Nous.Providers.LlamaCpp (nous v0.16.5)
View SourceLlamaCpp NIF-based provider for local LLM inference.
Runs GGUF models directly in-process via llama_cpp_ex NIF bindings.
No HTTP server needed.
Requires optional dep: {:llama_cpp_ex, "~> 0.6.5"}
Usage
# Load model once at app start
:ok = LlamaCppEx.init()
{:ok, llm} = LlamaCppEx.load_model("model.gguf", n_gpu_layers: -1)
# Use with Nous
agent = Nous.new("llamacpp:local",
llamacpp_model: llm,
instructions: "You are helpful."
)
{:ok, result} = Nous.run(agent, "What is Elixir?")Configuration
The llamacpp_model (the loaded model reference) must be passed via options
when creating the model or agent. It is stored in default_settings.

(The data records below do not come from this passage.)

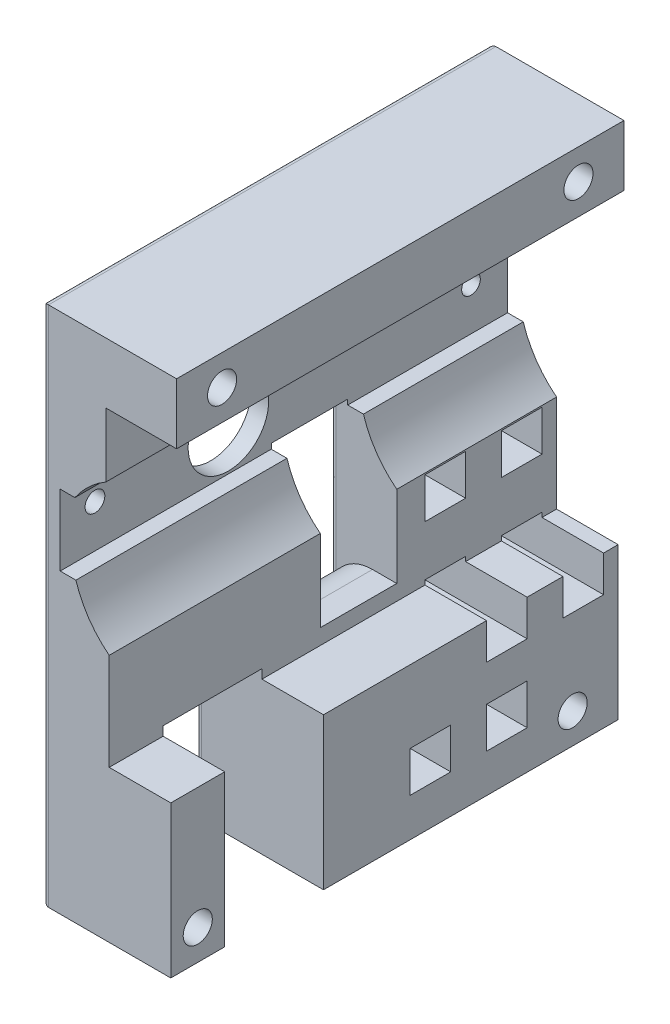
from build123d import *

# Parameters (mm, degrees)
PROFILEEXTRUDE_DEPTH    = 73.76
HOSEWINDOW_W            = 16.29
HOSEWINDOW_H            = 26.5
HOSEWINDOWCUT_DEPTH     = 95.161864378
CAGESCREWS_R            = 2.4
CAGESCREWSCUT_DEPTH     = 95.161864378
AXLEHOLECUT_DEPTH       = 95.161864378
SETSCREWHOLES_R         = 1.539432213
SETSCREWHOLES_R_2       = 1.628953018
SETSCREWHOLESCUT_DEPTH  = 95.161864456
VELOCITYWINDOW_W        = 12.61
VELOCITYWINDOW_H        = 22.29
VELOCITYWINDOWCUT_DEPTH = 95.161864456
FILLET3_R               = 7
TRIGGERRACKSLOTCUT_W    = 6.7
TRIGGERRACKSLOTCUT_H    = 6.7
RACKSLOTCUT_DEPTH       = 95.161864456
FILLET4_R               = 1


with BuildPart() as part:
    # Profile → ProfileExtrude (new body)
    with BuildSketch(Plane.XY):
        with BuildLine():
            Line((9.301269376, -54.194713793), (9.301269376, -29.194713793))
            Line((9.301269376, -29.194713793), (-0.848730624, -29.194713793))
            Line((-0.848730624, -29.194713793), (-0.848730624, -13.194713793))
            ThreePointArc((-0.848730624, -13.194713793), (-4.204080189, -9.618555822), (-6.340730624, -5.204713793))
            Line((-6.340730624, -5.204713793), (-8.928730624, -5.204713793))
            Line((-8.928730624, -5.204713793), (-8.928730624, 6.495286207))
            Line((-8.928730624, 6.495286207), (-6.509650624, 6.495286207))
            ThreePointArc((-6.509650624, 6.495286207), (-4.210311879, 9.168674207), (-1.388730624, 11.283536207))
            Line((-1.388730624, 11.283536207), (-1.388730624, 21.845286207))
            Line((-1.388730624, 21.845286207), (10.261269376, 21.845286207))
            Line((10.261269376, 21.845286207), (10.261269376, 31.845286207))
            Line((10.261269376, 31.845286207), (-11.848730624, 31.845286207))
            Line((-11.848730624, 31.845286207), (-11.848730624, -54.194713793))
            Line((-11.848730624, -54.194713793), (9.301269376, -54.194713793))
        make_face()
    extrude(amount=PROFILEEXTRUDE_DEPTH)

    # HoseWindow → HoseWindowCut (cut, through all)
    with BuildSketch(Plane.ZY.offset(11.848730624)):
        with Locations((56.725, -40.944713793)):
            Rectangle(HOSEWINDOW_W, HOSEWINDOW_H)
    extrude(amount=-HOSEWINDOWCUT_DEPTH, mode=Mode.SUBTRACT)

    # CageScrews → CageScrewsCut (cut, through all)
    with BuildSketch(Plane.ZY.offset(11.848730624)):
        with Locations((7.5, 26.845286207)):
            Circle(CAGESCREWS_R)
        with Locations((66.26, 26.845286207)):
            Circle(CAGESCREWS_R)
        with Locations((7.5, -49.194713793)):
            Circle(CAGESCREWS_R)
        with Locations((69.31, -49.194713793)):
            Circle(CAGESCREWS_R)
    extrude(amount=-CAGESCREWSCUT_DEPTH, mode=Mode.SUBTRACT)

    # AxleHole → AxleHoleCut (cut, through all)
    with BuildSketch(Plane.ZY.offset(11.848730624)):
        with BuildLine():
            Line((47.361, 8.359497151), (47.361, 6.740497151))
            Line((47.361, 6.740497151), (44.699, 6.740497151))
            Line((44.699, 6.740497151), (44.699, 8.359497151))
            ThreePointArc((44.699, 8.359497151), (46.03, -4.783713793), (47.361, 8.359497151))
        make_face()
    extrude(amount=-AXLEHOLECUT_DEPTH, mode=Mode.SUBTRACT)

    # SetScrewHoles → SetScrewHolesCut (cut, through all)
    with BuildSketch(Plane.ZY.offset(11.848730624)):
        with Locations((6.03, 1.855286207)):
            Circle(SETSCREWHOLES_R)
        with Locations((68.03, 1.855286207)):
            Circle(SETSCREWHOLES_R_2)
    extrude(amount=-SETSCREWHOLESCUT_DEPTH, mode=Mode.SUBTRACT)

    # VelocityWindow → VelocityWindowCut (cut, through all)
    with BuildSketch(Plane.ZY.offset(11.848730624)):
        with Locations((32.655, -15.499713793)):
            Rectangle(VELOCITYWINDOW_W, VELOCITYWINDOW_H)
    extrude(amount=-VELOCITYWINDOWCUT_DEPTH, mode=Mode.SUBTRACT)

    # Fillet3
    fillet3_edges = [part.edges().sort_by_distance(p)[0] for p in [
        (-11.848730624, -26.644713793, 32.655),
    ]]
    fillet(fillet3_edges, radius=FILLET3_R)

    # TriggerRackSlotCut → RackSlotCut (cut, through all)
    with BuildSketch(Plane.ZY.offset(11.848730624)):
        with Locations((18.35, -44.494713793)):
            Rectangle(TRIGGERRACKSLOTCUT_W, TRIGGERRACKSLOTCUT_H)
        with Locations((30.95, -44.494713793)):
            Rectangle(TRIGGERRACKSLOTCUT_W, TRIGGERRACKSLOTCUT_H)
        with Locations((5.75, -31.794713793)):
            Rectangle(TRIGGERRACKSLOTCUT_W, TRIGGERRACKSLOTCUT_H)
        with Locations((18.35, -31.794713793)):
            Rectangle(TRIGGERRACKSLOTCUT_W, TRIGGERRACKSLOTCUT_H)
        with Locations((5.75, -16.794713793)):
            Rectangle(TRIGGERRACKSLOTCUT_W, TRIGGERRACKSLOTCUT_H)
        with Locations((18.35, -16.794713793)):
            Rectangle(TRIGGERRACKSLOTCUT_W, TRIGGERRACKSLOTCUT_H)
    extrude(amount=-RACKSLOTCUT_DEPTH, mode=Mode.SUBTRACT)

    # Fillet4
    fillet4_edges = [part.edges().sort_by_distance(p)[0] for p in [
        (-11.848730624, -31.794713793, 21.7),
        (-11.848730624, -28.444713793, 18.35),
        (-11.848730624, -31.794713793, 15),
        (-11.848730624, -35.144713793, 18.35),
        (-11.848730624, -47.844713793, 18.35),
        (-11.848730624, -44.494713793, 15),
        (-11.848730624, -41.144713793, 18.35),
        (-11.848730624, -44.494713793, 21.7),
        (-11.848730624, -47.844713793, 30.95),
        (-11.848730624, -44.494713793, 34.3),
        (-11.848730624, -18.999713793, 38.96),
        (-11.848730624, -4.354713793, 32.655),
        (-11.848730624, -18.999713793, 26.35),
        (-11.848730624, -11.174713793, 0),
        (-11.848730624, -54.194713793, 24.29),
        (-11.848730624, -40.944713793, 48.58),
        (-11.848730624, -27.694713793, 56.725),
        (-11.848730624, -40.944713793, 64.87),
        (-11.848730624, -54.194713793, 69.315),
        (-11.848730624, -11.174713793, 73.76),
        (-11.848730624, 31.845286207, 36.88),
        (-11.848730624, -44.494713793, 27.6),
        (-11.848730624, -41.144713793, 30.95),
        (-11.848730624, -35.144713793, 5.75),
        (-11.848730624, -31.794713793, 2.4),
        (-11.848730624, -31.794713793, 9.1),
        (-11.848730624, -28.444713793, 5.75),
        (-11.848730624, -13.444713793, 18.35),
        (-11.848730624, -16.794713793, 21.7),
        (-11.848730624, -20.144713793, 18.35),
        (-11.848730624, -16.794713793, 15),
        (-11.848730624, -16.794713793, 2.4),
        (-11.848730624, -20.144713793, 5.75),
        (-11.848730624, -16.794713793, 9.1),
        (-11.848730624, -13.444713793, 5.75),
    ]]
    fillet(fillet4_edges, radius=FILLET4_R)


solid = part.part

No API key or base URL is needed since inference runs locally via NIFs.
Settings Mapping
Nous settings are mapped to LlamaCppEx options:
| Nous Setting | LlamaCppEx Option | Description |
|---|---|---|
:temperature | :temp | Sampling temperature |
:max_tokens | :max_tokens | Maximum tokens to generate |
:top_p | :top_p | Nucleus sampling |
:json_schema | :json_schema | Constrained JSON output |
:enable_thinking | :enable_thinking | Enable/disable thinking tokens |
Thinking Models
Models like Qwen3 emit <think>...</think> tags by default. To disable:
agent = Nous.new("llamacpp:local",
llamacpp_model: llm,
model_settings: %{enable_thinking: false}
)Or via generate_text:
{:ok, text} = Nous.generate_text("llamacpp:local", "Hello",
llamacpp_model: llm,
enable_thinking: false
)
Summary
Functions
Get the API key from options, environment, or application config.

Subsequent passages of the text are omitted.